And I do think the rating system is partly to blame. Otherwise he probably would have taken them. They might have been pissy and he would have been grumpy (taxi driver grumpy?) but that would have been the end of it.

Note there is a lot less downside to pissing off a pax with no trip. They might email uber but you say drunk and disorderly and that's probably the end of it. Start the ride and they can potentially get you fired just by the rating. So the ones you decide not to take are going to get the brunt of the anger felt towards ALL pax. Same for those you kick out because you've already concluded they suck and the rating will too.

The low rates, no training, and on boarding anyone with a car doesn't help.

This is again you get what you pay for. When you're broke and worried about losing your job your stress level is high and it takes a lot less to lose it. Or at the least be rude. It escalates from there with drunks involved.


----------



## mrlasvegas (Aug 9, 2015)

DexNex said:


> Driver could have handled this much differently. I support his deactivation.
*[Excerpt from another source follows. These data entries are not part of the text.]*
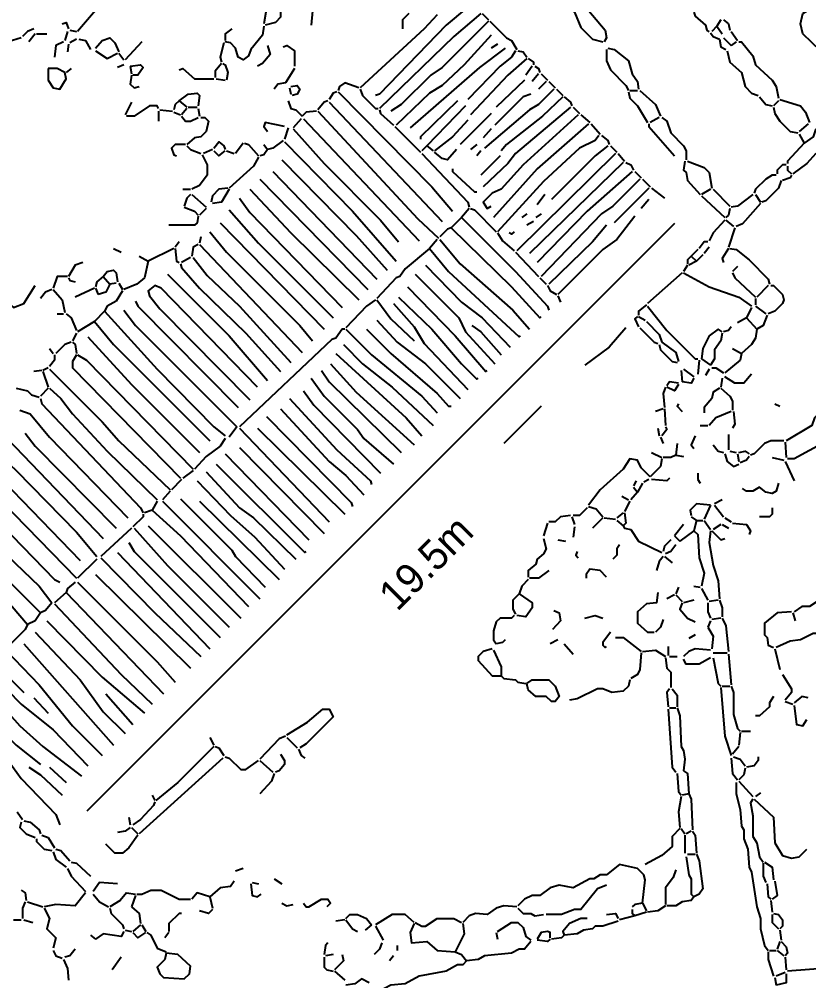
# Model space of a CAD drawing. Header units: millimetres. Extents: x 0 to 150953, y 0 to 85148.
# Drawn here: x 58317 to 76847, y 28669 to 51237 of the extents above; entities that cross this region are included whole.
import ezdxf
from ezdxf.enums import TextEntityAlignment as Align

# ---------------------------------------------------------------- set-up
doc = ezdxf.new("R2010")
doc.units = ezdxf.units.MM
for name, color, linetype in [('ANNOTATION', 3, 'Continuous'), ('LINEWORK', 7, 'Continuous'), ('RED_LINE', 1, 'Continuous')]:
    doc.layers.add(name, color=color, linetype=linetype)

msp = doc.modelspace()

# ---------------------------------------------------------------- linework, layer by layer
at = {"layer": 'LINEWORK'}
for points in [[(70866.401, 52366.417), (70896.529, 52095.245), (71348.483, 51402.241), (71499.137, 51040.678), (71770.309, 50769.505), (72011.353, 50709.249)], [(71077.311, 52456.808), (71258.093, 52185.636), (71469.008, 52004.854), (71559.399, 51583.023), (72071.61, 50980.421), (72101.744, 50799.639), (72041.481, 50709.249)], [(60200.284, 51552.9), (59688.068, 50950.287)], [(64207.609, 51583.023), (64117.218, 51492.632), (64056.961, 51131.069)], [(64207.609, 51583.023), (64448.653, 51432.375), (64448.653, 51281.727), (64328.134, 51161.203), (64087.09, 51100.946)], [(65322.433, 51522.766), (65201.908, 51432.375), (65171.779, 51100.946)], [(68817.54, 51492.632), (68335.458, 51100.946), (66768.686, 49473.911), (66678.295, 49443.777)], [(68124.548, 51341.984), (67823.241, 51010.555), (66316.732, 49624.559)], [(69148.975, 51372.118), (68516.24, 50829.773), (66768.686, 49142.471)], [(67461.678, 51372.118), (67311.031, 51221.46), (67311.031, 51010.555)], [(69179.104, 51372.118), (69329.757, 51221.46)], [(74150.599, 51402.241), (74180.733, 51311.85), (74421.771, 51100.946), (74451.905, 50980.421), (74512.162, 50950.287)], [(58663.64, 51010.555), (58512.987, 50950.287), (58392.468, 50829.773)], [(59326.505, 51131.069), (59416.895, 51161.203), (59477.158, 51010.555)], [(64056.961, 51070.812), (64026.827, 50859.896), (63755.655, 50528.467), (63695.398, 50377.819), (63574.873, 50287.428), (63454.354, 50347.685), (63394.091, 50558.601), (63273.572, 50679.115), (63153.053, 50709.249)], [(63303.701, 51010.555), (63153.053, 50890.03), (63153.053, 50739.383)], [(69329.757, 51191.337), (68245.067, 50106.647), (67973.895, 49925.865), (67280.897, 49232.862), (67039.858, 49082.214)], [(69359.885, 51191.337), (69751.583, 50799.639), (69872.102, 50739.383), (69992.621, 50528.467)], [(74692.944, 51070.812), (74572.424, 50950.287)], [(74783.334, 51221.46), (74692.944, 51070.812)], [(74692.944, 51070.812), (74813.468, 50890.03)], [(74843.597, 51221.46), (74964.116, 51131.069), (74994.25, 50980.421)], [(58362.34, 50799.639), (58061.033, 50709.249)], [(58693.769, 50890.03), (58543.121, 50709.249)], [(58723.903, 50890.03), (58964.941, 50890.03)], [(59447.029, 50950.287), (59386.767, 50739.383)], [(59507.286, 50980.421), (59657.939, 50950.287)], [(60109.894, 50558.601), (60260.547, 50739.383), (60441.328, 50799.639), (60561.848, 50679.115), (60652.238, 50468.21)], [(69390.019, 50859.896), (68757.284, 50166.904), (68245.067, 49684.816), (67943.766, 49504.034), (67160.377, 48750.785)], [(74542.296, 50920.164), (74602.553, 50829.773), (74753.206, 50769.505)], [(74843.597, 50799.639), (75024.378, 50618.858)], [(75024.378, 50950.287), (75175.032, 50739.383)], [(59356.639, 50709.249), (59175.857, 50618.858), (59145.723, 50347.685)], [(59477.158, 50648.992), (59447.029, 50468.21)], [(59657.939, 50769.505), (59507.286, 50679.115)], [(59718.202, 50769.505), (59868.85, 50739.383), (59989.374, 50528.467)], [(61194.583, 50709.249), (60802.892, 50287.428)], [(63122.919, 50679.115), (63032.528, 50347.685), (63062.662, 50227.161)], [(64147.352, 50618.858), (64207.609, 50407.942), (64026.827, 50197.038), (63906.308, 50136.77)], [(64508.915, 50588.724), (64599.306, 50618.858), (64780.088, 50498.333), (64780.088, 50136.77)], [(69721.449, 50558.601), (69118.847, 50106.647), (67491.812, 48690.517)], [(69540.667, 50648.992), (69390.019, 50558.601)], [(72131.872, 50558.601), (72282.525, 50528.467), (72613.955, 50257.294), (72704.346, 49955.988), (72824.87, 49775.206), (72854.999, 49594.425)], [(74753.206, 50769.505), (74783.334, 50588.724), (74903.859, 50528.467)], [(75144.898, 50709.249), (75024.378, 50618.858)], [(75205.16, 50709.249), (75265.422, 50709.249), (75536.595, 50377.819), (75596.852, 50166.904), (75988.549, 49805.34), (76078.94, 49654.693), (76139.197, 49383.52)], [(60109.894, 50498.333), (60381.066, 50317.551), (60622.11, 50438.076)], [(60652.238, 50438.076), (60772.758, 50287.428)], [(69962.493, 50498.333), (69872.102, 50347.685), (69600.929, 50136.77), (68847.674, 49353.386)], [(70022.755, 50498.333), (70143.274, 50468.21), (70233.665, 50347.685)], [(72101.744, 50528.467), (72101.744, 50257.294), (72192.135, 50046.379), (72553.698, 49684.816), (72613.955, 49564.302)], [(74933.988, 50498.333), (74994.25, 50227.161), (75265.422, 49986.122), (75355.813, 49654.693), (75506.461, 49504.034), (75657.114, 49443.777)], [(60772.758, 50166.904), (60622.11, 50106.647)], [(60923.411, 50136.77), (61164.455, 50166.904), (61224.712, 50106.647), (61104.193, 49925.865), (60983.673, 49925.865)], [(60923.411, 50136.77), (60953.539, 49955.988)], [(63062.662, 50197.038), (62912.009, 50016.256), (62912.009, 49865.597)], [(63092.791, 50197.038), (63153.053, 50166.904), (63213.31, 49986.122), (63183.181, 49805.34)], [(70233.665, 50317.551), (69781.711, 49925.865), (68907.931, 48991.823)], [(70354.184, 50136.77), (70203.537, 49925.865)], [(70263.794, 50317.551), (70384.318, 50227.161), (70384.318, 50166.904)], [(70414.447, 50136.77), (70504.838, 50076.513), (70534.966, 49986.122)], [(59537.42, 50076.513), (59416.895, 49986.122)], [(60953.539, 49925.865), (60923.411, 49714.95), (61013.802, 49624.559), (61134.321, 49654.693)], [(62068.363, 50046.379), (62158.754, 50076.513), (62429.926, 49835.474), (62881.88, 49835.474)], [(64780.088, 50076.513), (64569.172, 49745.084)], [(70504.838, 49955.988), (70354.184, 49775.206)], [(70565.1, 49955.988), (70715.748, 49805.34)], [(62942.137, 49835.474), (63153.053, 49805.34)], [(64569.172, 49745.084), (64388.39, 49714.95), (64298, 49594.425)], [(64689.697, 49654.693), (64840.345, 49684.816), (64900.607, 49594.425), (64840.345, 49473.911), (64719.825, 49443.777)], [(66286.598, 49624.559), (65955.168, 49745.084), (65834.643, 49654.693), (65804.515, 49564.302)], [(70173.403, 49805.34), (69510.539, 49172.605)], [(70685.619, 49775.206), (70504.838, 49594.425)], [(70745.882, 49775.206), (70896.529, 49624.559)], [(62068.363, 49323.252), (62279.273, 49473.911), (62490.183, 49504.034), (62550.446, 49443.777), (62520.317, 49202.739)], [(64659.563, 49624.559), (64689.697, 49473.911)], [(65774.387, 49534.168), (65683.996, 49504.034), (65593.605, 49353.386)], [(65804.515, 49534.168), (68004.023, 47304.531), (68486.111, 46732.053)], [(66316.732, 49594.425), (66376.988, 49443.777), (66678.295, 49142.471), (66738.552, 49142.471)], [(70866.401, 49594.425), (70504.838, 49232.862), (70293.927, 49112.348), (69239.366, 48208.44)], [(70324.056, 49473.911), (70143.274, 49413.643), (69480.41, 48750.785)], [(70926.663, 49594.425), (71077.311, 49443.777)], [(72613.955, 49534.168), (72644.089, 49383.52), (72824.87, 49202.739), (73065.909, 48811.041)], [(72644.089, 49564.302), (72824.87, 49564.302)], [(72885.127, 49564.302), (73246.691, 49232.862), (73367.215, 48961.689)], [(60953.539, 49293.129), (60802.892, 48991.823)], [(61586.275, 49142.471), (61556.147, 49202.739), (61375.365, 49202.739), (61013.802, 48961.689), (60833.02, 48961.689)], [(62068.363, 49323.252), (61977.972, 49232.862), (61947.838, 49112.348)], [(62068.363, 49323.252), (62249.145, 49172.605)], [(64629.434, 49323.252), (64689.697, 49142.471), (64810.216, 49112.348), (64960.869, 48961.689)], [(65563.471, 49323.252), (65473.08, 49293.129), (65322.433, 49112.348)], [(65593.605, 49293.129), (68245.067, 46491.014)], [(68606.63, 49323.252), (67732.851, 48479.612), (67732.851, 48419.344)], [(68787.412, 49202.739), (67883.504, 48268.696)], [(71077.311, 49413.643), (70595.228, 48961.689), (69751.583, 48298.83), (69631.058, 48148.172)], [(71107.445, 49413.643), (71258.093, 49293.129), (71288.226, 49202.739)], [(75687.243, 49413.643), (75837.896, 49232.862), (75988.549, 49202.739)], [(76139.197, 49323.252), (76018.677, 49202.739)], [(76169.331, 49353.386), (76651.413, 49202.739), (76771.932, 49052.08), (76862.323, 48811.041)], [(61586.275, 49082.214), (61586.275, 48841.175)], [(61616.409, 49112.348), (61917.71, 49082.214)], [(61947.838, 49052.08), (62098.492, 48991.823)], [(62249.145, 49142.471), (62128.62, 48991.823)], [(62279.273, 49172.605), (62490.183, 49172.605)], [(62520.317, 49142.471), (62550.446, 48961.689)], [(65292.299, 49082.214), (65051.26, 49052.08), (64960.869, 48961.689)], [(65322.433, 49082.214), (67672.594, 46551.271), (68154.676, 46099.317)], [(66768.686, 49112.348), (66798.814, 49021.957), (67100.115, 48750.785)], [(69390.019, 49021.957), (68666.893, 48298.83)], [(71258.093, 49172.605), (69962.493, 48087.915), (69781.711, 47846.876), (69209.238, 47304.531)], [(71438.874, 48991.823), (70143.274, 47816.742), (69631.058, 47244.264), (69420.148, 47153.873), (69209.238, 46942.968), (69299.629, 46792.309), (69390.019, 46852.577)], [(71318.355, 49172.605), (71469.008, 49021.957)], [(71499.137, 48991.823), (71710.047, 48811.041)], [(76018.677, 49172.605), (76048.806, 49021.957), (76169.331, 48841.175), (76410.369, 48600.126), (76591.151, 48570.003)], [(62128.62, 48961.689), (62219.011, 48841.175), (62339.536, 48841.175), (62520.317, 48931.566)], [(62580.574, 48931.566), (62670.965, 48931.566), (62761.356, 48841.175), (62701.099, 48600.126), (62580.574, 48479.612), (62429.926, 48449.478), (62249.145, 48298.83)], [(64539.044, 48720.651), (64087.09, 48811.041), (64056.961, 48720.651), (64147.352, 48600.126)], [(64930.735, 48901.432), (64749.954, 48690.517)], [(64990.998, 48901.432), (67702.722, 46039.057)], [(68847.674, 48871.298), (68486.111, 48479.612), (68064.285, 48148.172)], [(71679.918, 48780.907), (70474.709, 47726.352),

Same here. Some of these drivers really need to learn customer service. I allow alcohol in my vehicle, as long as I am convinced the passenger can hold on to it. But it is legal for passengers to consume alcohol in a for hire vehicle in Nevada.


----------



## RobGM84 (Oct 26, 2015)

It's technically legal in Colorado too in "vehicles primarily used for transportation of passengers for compensation"

https://www.colorado-criminal-dui-d...ner-laws-who-can-be-charged-alcohol-marijuana


----------



## rickybobby (Jul 13, 2015)

RobGM84 said:


> It's technically legal in Colorado too in "vehicles primarily used for transportation of passengers for compensation"
> 
> https://www.colorado-criminal-dui-d...ner-laws-who-can-be-charged-alcohol-marijuana


So is weed but ...eh ... you know


----------



## Huberis (Mar 15, 2015)

*http://www.theverge.com/2015/10/28/9625968/rating-system-on-demand-economy-uber-olive-garden*


----------



## Huberis (Mar 15, 2015)

Dontmakemepullauonyou said:


> The drivers uber is attracting couldn't get a job at McDonald's if they tried.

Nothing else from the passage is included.